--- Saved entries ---
======
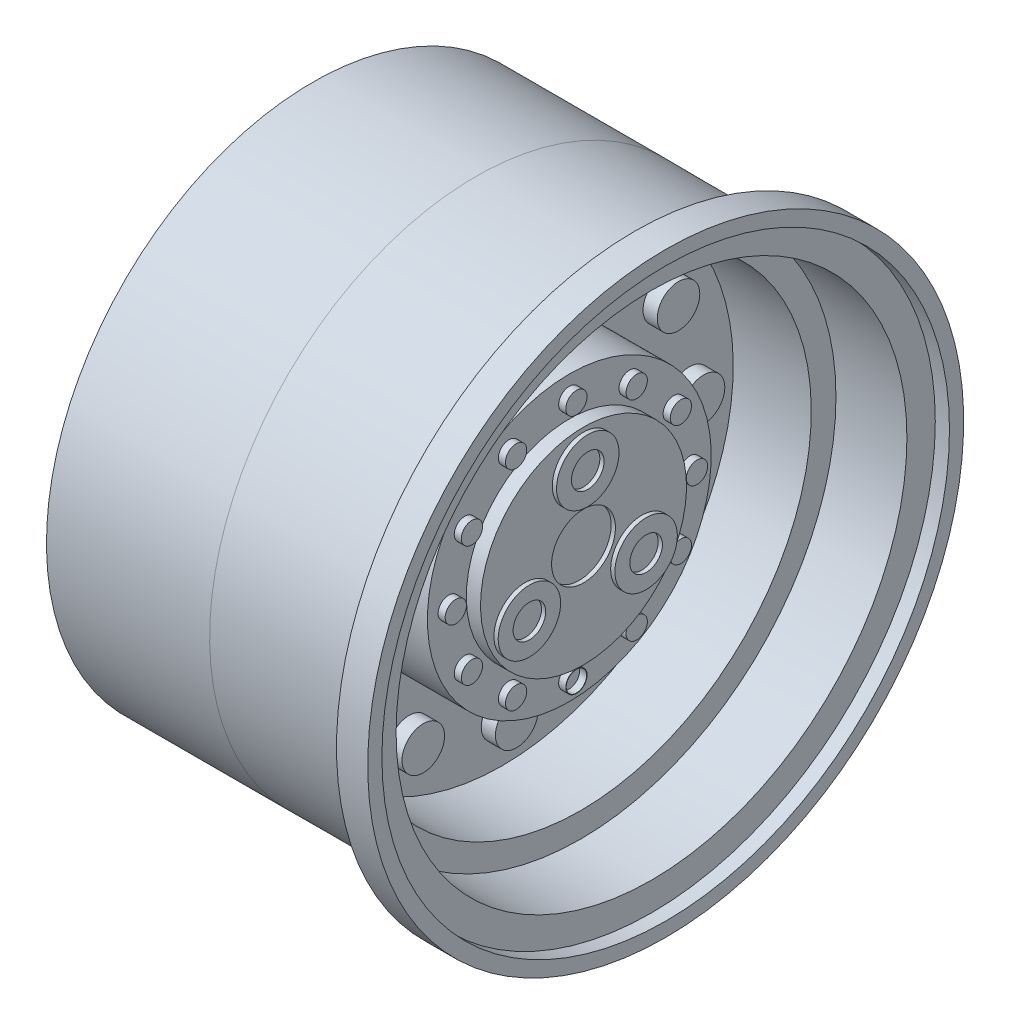
SolidWorks part; units mm, degrees
ref_plane "Front Plane" through (0, 0, 0) normal (0, 0, 1) x (1, 0, 0)
ref_plane "Top Plane" through (0, 0, 0) normal (0, 1, 0) x (1, 0, 0)
ref_plane "Right Plane" through (0, 0, 0) normal (1, 0, 0) x (0, 0, -1)
sketch "Sketch1" plane through (0, 0, 0) normal (0, 0, 1) x (1, 0, 0)
  line L1 (-3.5, 0) -> (3.7942, 0)
  line L2 (-5.75, 9.38) -> (0, 9.38)
  line L3 (-5.75, 9.38) -> (-5.75, 8.5)
  line L4 (-5.75, 8.5) -> (-4.25, 8.5)
  line L5 (-4.25, 8.5) -> (-4.25, 8.13)
  line L6 (-4.25, 8.13) -> (-1.85, 8.13)
  line L7 (-1.85, 8.13) -> (-1.85, 4.5)
  line L8 (-1.85, 4.5) -> (-2.75, 4.5)
  line L9 (-2.75, 4.5) -> (-2.75, 3.25)
  line L10 (-2.75, 3.25) -> (-3.5, 3.25)
  line L11 (-3.5, 3.25) -> (-3.5, 0)
  line L13 (6.69, 10.5) -> (5.59, 10.5)
  line L14 (5.59, 10.5) -> (5.59, 9.3912)
  line L15 (5.59, 9.3912) -> (0, 9.38)
  line L16 (6.69, 10.5) -> (6.69, 10)
  line L17 (6.69, 10) -> (6.19, 10)
  line L18 (6.19, 10) -> (6.19, 9)
  line L19 (3.2942, 5) -> (3.2942, 3.63)
  line L20 (3.2942, 3.63) -> (3.7942, 3.63)
  line L21 (6.19, 9) -> (3.69, 9)
  line L22 (3.7942, 3.63) -> (3.7942, 0)
  line L23 (3.2942, 5) -> (0.94, 5)
  line L26 (3.69, 9) -> (3.69, 8.13)
  line L28 (0.94, 8.13) -> (0.94, 5)
  line L30 (0.94, 8.13) -> (3.69, 8.13)
  dimension "D5" = 3.25
  dimension "D6" = 3.9
  dimension "D7" = 1.5
  dimension "D8" = 2.25
  dimension "D9" = 3
  dimension "D11" = 0.5
  dimension "D12" = 0.5
  dimension "D13" = 1.1
  dimension "D15" = 0.5
  dimension "D16" = 1
  dimension "D17" = 2.5
  dimension "D18" = 0.87
  dimension "D21" = 5.75
  dimension "D22" = 5.75
revolve "Revolve1" add sketch "Sketch1" angle 360 about L1
sketch "Sketch2" plane through (0.94, 0, 0) normal (1, 0, 0) x (0, 0, -1)
  circle A0 centre (0, 0) radius 6.5837 construction
  circle A1 centre (0, 6.5837) radius 0.75
  circle A5 centre (0, -6.5837) radius 0.75
  circle A6 centre (3.2918, 5.7016) radius 0.75
  circle A7 centre (5.7016, 3.2918) radius 0.75
  circle A8 centre (6.5837, 0) radius 0.75
  circle A9 centre (5.7016, -3.2918) radius 0.75
  circle A10 centre (3.2918, -5.7016) radius 0.75
  circle A11 centre (0, -6.5837) radius 0.75
  circle A12 centre (-3.2918, -5.7016) radius 0.75
  circle A13 centre (-5.7016, -3.2918) radius 0.75
  circle A14 centre (-6.5837, 0) radius 0.75
  circle A15 centre (-5.7016, 3.2918) radius 0.75
  circle A16 centre (-3.2918, 5.7016) radius 0.75
  point P7 (0, 0)
  point P32 (0, 0)
  dimension "D1" = 1.5
  dimension "D2" = 1.5
  dimension "D3" = 12
extrude "Boss-Extrude1" add sketch "Sketch2" along normal blind 0.5 contours A16 | A1 | A6 | A7 | A8 | A15 | A13 | A12 | A5 | A9 | A14 | A10
sketch "Sketch3" plane through (3.2942, 0, 0) normal (1, 0, 0) x (0, 0, -1)
  circle A0 centre (0, 0) radius 4.25 construction
  circle A1 centre (0, 4.25) radius 0.375
  circle A2 centre (0, -4.25) radius 0.3603
  circle A3 centre (2.125, 3.6806) radius 0.375
  circle A4 centre (3.6806, 2.125) radius 0.375
  circle A5 centre (4.25, 0) radius 0.375
  circle A6 centre (3.6806, -2.125) radius 0.375
  circle A7 centre (2.125, -3.6806) radius 0.375
  circle A8 centre (0, -4.25) radius 0.375
  circle A9 centre (-2.125, -3.6806) radius 0.375
  circle A10 centre (-3.6806, -2.125) radius 0.375
  circle A11 centre (-4.25, 0) radius 0.375
  circle A12 centre (-3.6806, 2.125) radius 0.375
  circle A13 centre (-2.125, 3.6806) radius 0.375
  point P32 (0, 0)
  dimension "D1" = 8.5
  dimension "D2" = 0.75
  dimension "D3" = 12
extrude "Boss-Extrude2" add sketch "Sketch3" along normal blind 0.25
sketch "Sketch4" plane through (3.7942, 0, 0) normal (1, 0, 0) x (0, 0, -1)
  circle A0 centre (0, 0) radius 1.125
  dimension "D1" = 2.25
extrude "Cut-Extrude2" cut sketch "Sketch4" against normal blind 0.15
sketch "Sketch5" plane through (3.7942, 0, 0) normal (1, 0, 0) x (0, 0, -1)
  circle A0 centre (0, 0) radius 2.375 construction
  circle A1 centre (0, 2.375) radius 0.575
  circle A2 centre (0, 2.375) radius 1.1
  circle A5 centre (0, 0) radius 2.375 construction
  circle A6 centre (2.0568, -1.1875) radius 1.1
  circle A7 centre (2.0568, -1.1875) radius 0.575
  circle A8 centre (0, 0) radius 2.375 construction
  circle A9 centre (-2.0568, -1.1875) radius 1.1
  circle A10 centre (-2.0568, -1.1875) radius 0.575
  point P20 (0, 0)
  dimension "D2" = 2.2
  dimension "D3" = 1.15
  dimension "D4" = 3
extrude "Boss-Extrude3" add sketch "Sketch5" along normal blind 0.15
sketch "Sketch6" plane through (-3.5, 0, 0) normal (-1, 0, 0) x (0, 0, 1)
  circle A1 centre (0, 0) radius 3.81 construction
  circle A2 centre (0, 3.81) radius 0.375
  circle A4 centre (0, 0) radius 3.81 construction
  circle A5 centre (1.905, 3.2996) radius 0.375
  circle A6 centre (0, 0) radius 3.81 construction
  circle A7 centre (3.2996, 1.905) radius 0.375
  circle A8 centre (0, 0) radius 3.81 construction
  circle A9 centre (3.81, 0) radius 0.375
  circle A10 centre (0, 0) radius 3.81 construction
  circle A11 centre (3.2996, -1.905) radius 0.375
  circle A12 centre (0, 0) radius 3.81 construction
  circle A13 centre (1.905, -3.2996) radius 0.375
  circle A14 centre (0, 0) radius 3.81 construction
  circle A15 centre (0, -3.81) radius 0.375
  circle A16 centre (0, 0) radius 3.81 construction
  circle A17 centre (-1.905, -3.2996) radius 0.375
  circle A18 centre (0, 0) radius 3.81 construction
  circle A19 centre (-3.2996, -1.905) radius 0.375
  circle A20 centre (0, 0) radius 3.81 construction
  circle A21 centre (-3.81, 0) radius 0.375
  circle A22 centre (0, 0) radius 3.81 construction
  circle A23 centre (-3.2996, 1.905) radius 0.375
  circle A24 centre (0, 0) radius 3.81 construction
  circle A25 centre (-1.905, 3.2996) radius 0.375
  point P44 (0, 0)
  dimension "D2" = 0.75
  dimension "D3" = 12
extrude "Boss-Extrude4" add sketch "Sketch6" along normal blind 0.25 separate body
sketch "Sketch7" plane through (-3.5, 0, 0) normal (-1, 0, 0) x (0, 0, 1)
  circle A0 centre (0, 0) radius 1.25
  dimension "D1" = 2.5
extrude "Cut-Extrude3" cut sketch "Sketch7" against normal blind 5
======
--- REQUIRED ACTION ---
Repeat each entry exactly as given; no pictures belong in the copy.

--- RESPONSE BELOW ---
SolidWorks part; units mm, degrees
ref_plane "Front Plane" through (0, 0, 0) normal (0, 0, 1) x (1, 0, 0)
ref_plane "Top Plane" through (0, 0, 0) normal (0, 1, 0) x (1, 0, 0)
ref_plane "Right Plane" through (0, 0, 0) normal (1, 0, 0) x (0, 0, -1)
sketch "Sketch1" plane through (0, 0, 0) normal (0, 0, 1) x (1, 0, 0)
  line L1 (-3.5, 0) -> (3.7942, 0)
  line L2 (-5.75, 9.38) -> (0, 9.38)
  line L3 (-5.75, 9.38) -> (-5.75, 8.5)
  line L4 (-5.75, 8.5) -> (-4.25, 8.5)
  line L5 (-4.25, 8.5) -> (-4.25, 8.13)
  line L6 (-4.25, 8.13) -> (-1.85, 8.13)
  line L7 (-1.85, 8.13) -> (-1.85, 4.5)
  line L8 (-1.85, 4.5) -> (-2.75, 4.5)
  line L9 (-2.75, 4.5) -> (-2.75, 3.25)
  line L10 (-2.75, 3.25) -> (-3.5, 3.25)
  line L11 (-3.5, 3.25) -> (-3.5, 0)
  line L13 (6.69, 10.5) -> (5.59, 10.5)
  line L14 (5.59, 10.5) -> (5.59, 9.3912)
  line L15 (5.59, 9.3912) -> (0, 9.38)
  line L16 (6.69, 10.5) -> (6.69, 10)
  line L17 (6.69, 10) -> (6.19, 10)
  line L18 (6.19, 10) -> (6.19, 9)
  line L19 (3.2942, 5) -> (3.2942, 3.63)
  line L20 (3.2942, 3.63) -> (3.7942, 3.63)
  line L21 (6.19, 9) -> (3.69, 9)
  line L22 (3.7942, 3.63) -> (3.7942, 0)
  line L23 (3.2942, 5) -> (0.94, 5)
  line L26 (3.69, 9) -> (3.69, 8.13)
  line L28 (0.94, 8.13) -> (0.94, 5)
  line L30 (0.94, 8.13) -> (3.69, 8.13)
  dimension "D5" = 3.25
  dimension "D6" = 3.9
  dimension "D7" = 1.5
  dimension "D8" = 2.25
  dimension "D9" = 3
  dimension "D11" = 0.5
  dimension "D12" = 0.5
  dimension "D13" = 1.1
  dimension "D15" = 0.5
  dimension "D16" = 1
  dimension "D17" = 2.5
  dimension "D18" = 0.87
  dimension "D21" = 5.75
  dimension "D22" = 5.75
revolve "Revolve1" add sketch "Sketch1" angle 360 about L1
sketch "Sketch2" plane through (0.94, 0, 0) normal (1, 0, 0) x (0, 0, -1)
  circle A0 centre (0, 0) radius 6.5837 construction
  circle A1 centre (0, 6.5837) radius 0.75
  circle A5 centre (0, -6.5837) radius 0.75
  circle A6 centre (3.2918, 5.7016) radius 0.75
  circle A7 centre (5.7016, 3.2918) radius 0.75
  circle A8 centre (6.5837, 0) radius 0.75
  circle A9 centre (5.7016, -3.2918) radius 0.75
  circle A10 centre (3.2918, -5.7016) radius 0.75
  circle A11 centre (0, -6.5837) radius 0.75
  circle A12 centre (-3.2918, -5.7016) radius 0.75
  circle A13 centre (-5.7016, -3.2918) radius 0.75
  circle A14 centre (-6.5837, 0) radius 0.75
  circle A15 centre (-5.7016, 3.2918) radius 0.75
  circle A16 centre (-3.2918, 5.7016) radius 0.75
  point P7 (0, 0)
  point P32 (0, 0)
  dimension "D1" = 1.5
  dimension "D2" = 1.5
  dimension "D3" = 12
extrude "Boss-Extrude1" add sketch "Sketch2" along normal blind 0.5 contours A16 | A1 | A6 | A7 | A8 | A15 | A13 | A12 | A5 | A9 | A14 | A10
sketch "Sketch3" plane through (3.2942, 0, 0) normal (1, 0, 0) x (0, 0, -1)
  circle A0 centre (0, 0) radius 4.25 construction
  circle A1 centre (0, 4.25) radius 0.375
  circle A2 centre (0, -4.25) radius 0.3603
  circle A3 centre (2.125, 3.6806) radius 0.375
  circle A4 centre (3.6806, 2.125) radius 0.375
  circle A5 centre (4.25, 0) radius 0.375
  circle A6 centre (3.6806, -2.125) radius 0.375
  circle A7 centre (2.125, -3.6806) radius 0.375
  circle A8 centre (0, -4.25) radius 0.375
  circle A9 centre (-2.125, -3.6806) radius 0.375
  circle A10 centre (-3.6806, -2.125) radius 0.375
  circle A11 centre (-4.25, 0) radius 0.375
  circle A12 centre (-3.6806, 2.125) radius 0.375
  circle A13 centre (-2.125, 3.6806) radius 0.375
  point P32 (0, 0)
  dimension "D1" = 8.5
  dimension "D2" = 0.75
  dimension "D3" = 12
extrude "Boss-Extrude2" add sketch "Sketch3" along normal blind 0.25
sketch "Sketch4" plane through (3.7942, 0, 0) normal (1, 0, 0) x (0, 0, -1)
  circle A0 centre (0, 0) radius 1.125
  dimension "D1" = 2.25
extrude "Cut-Extrude2" cut sketch "Sketch4" against normal blind 0.15
sketch "Sketch5" plane through (3.7942, 0, 0) normal (1, 0, 0) x (0, 0, -1)
  circle A0 centre (0, 0) radius 2.375 construction
  circle A1 centre (0, 2.375) radius 0.575
  circle A2 centre (0, 2.375) radius 1.1
  circle A5 centre (0, 0) radius 2.375 construction
  circle A6 centre (2.0568, -1.1875) radius 1.1
  circle A7 centre (2.0568, -1.1875) radius 0.575
  circle A8 centre (0, 0) radius 2.375 construction
  circle A9 centre (-2.0568, -1.1875) radius 1.1
  circle A10 centre (-2.0568, -1.1875) radius 0.575
  point P20 (0, 0)
  dimension "D2" = 2.2
  dimension "D3" = 1.15
  dimension "D4" = 3
extrude "Boss-Extrude3" add sketch "Sketch5" along normal blind 0.15
sketch "Sketch6" plane through (-3.5, 0, 0) normal (-1, 0, 0) x (0, 0, 1)
  circle A1 centre (0, 0) radius 3.81 construction
  circle A2 centre (0, 3.81) radius 0.375
  circle A4 centre (0, 0) radius 3.81 construction
  circle A5 centre (1.905, 3.2996) radius 0.375
  circle A6 centre (0, 0) radius 3.81 construction
  circle A7 centre (3.2996, 1.905) radius 0.375
  circle A8 centre (0, 0) radius 3.81 construction
  circle A9 centre (3.81, 0) radius 0.375
  circle A10 centre (0, 0) radius 3.81 construction
  circle A11 centre (3.2996, -1.905) radius 0.375
  circle A12 centre (0, 0) radius 3.81 construction
  circle A13 centre (1.905, -3.2996) radius 0.375
  circle A14 centre (0, 0) radius 3.81 construction
  circle A15 centre (0, -3.81) radius 0.375
  circle A16 centre (0, 0) radius 3.81 construction
  circle A17 centre (-1.905, -3.2996) radius 0.375
  circle A18 centre (0, 0) radius 3.81 construction
  circle A19 centre (-3.2996, -1.905) radius 0.375
  circle A20 centre (0, 0) radius 3.81 construction
  circle A21 centre (-3.81, 0) radius 0.375
  circle A22 centre (0, 0) radius 3.81 construction
  circle A23 centre (-3.2996, 1.905) radius 0.375
  circle A24 centre (0, 0) radius 3.81 construction
  circle A25 centre (-1.905, 3.2996) radius 0.375
  point P44 (0, 0)
  dimension "D2" = 0.75
  dimension "D3" = 12
extrude "Boss-Extrude4" add sketch "Sketch6" along normal blind 0.25 separate body
sketch "Sketch7" plane through (-3.5, 0, 0) normal (-1, 0, 0) x (0, 0, 1)
  circle A0 centre (0, 0) radius 1.25
  dimension "D1" = 2.5
extrude "Cut-Extrude3" cut sketch "Sketch7" against normal blind 5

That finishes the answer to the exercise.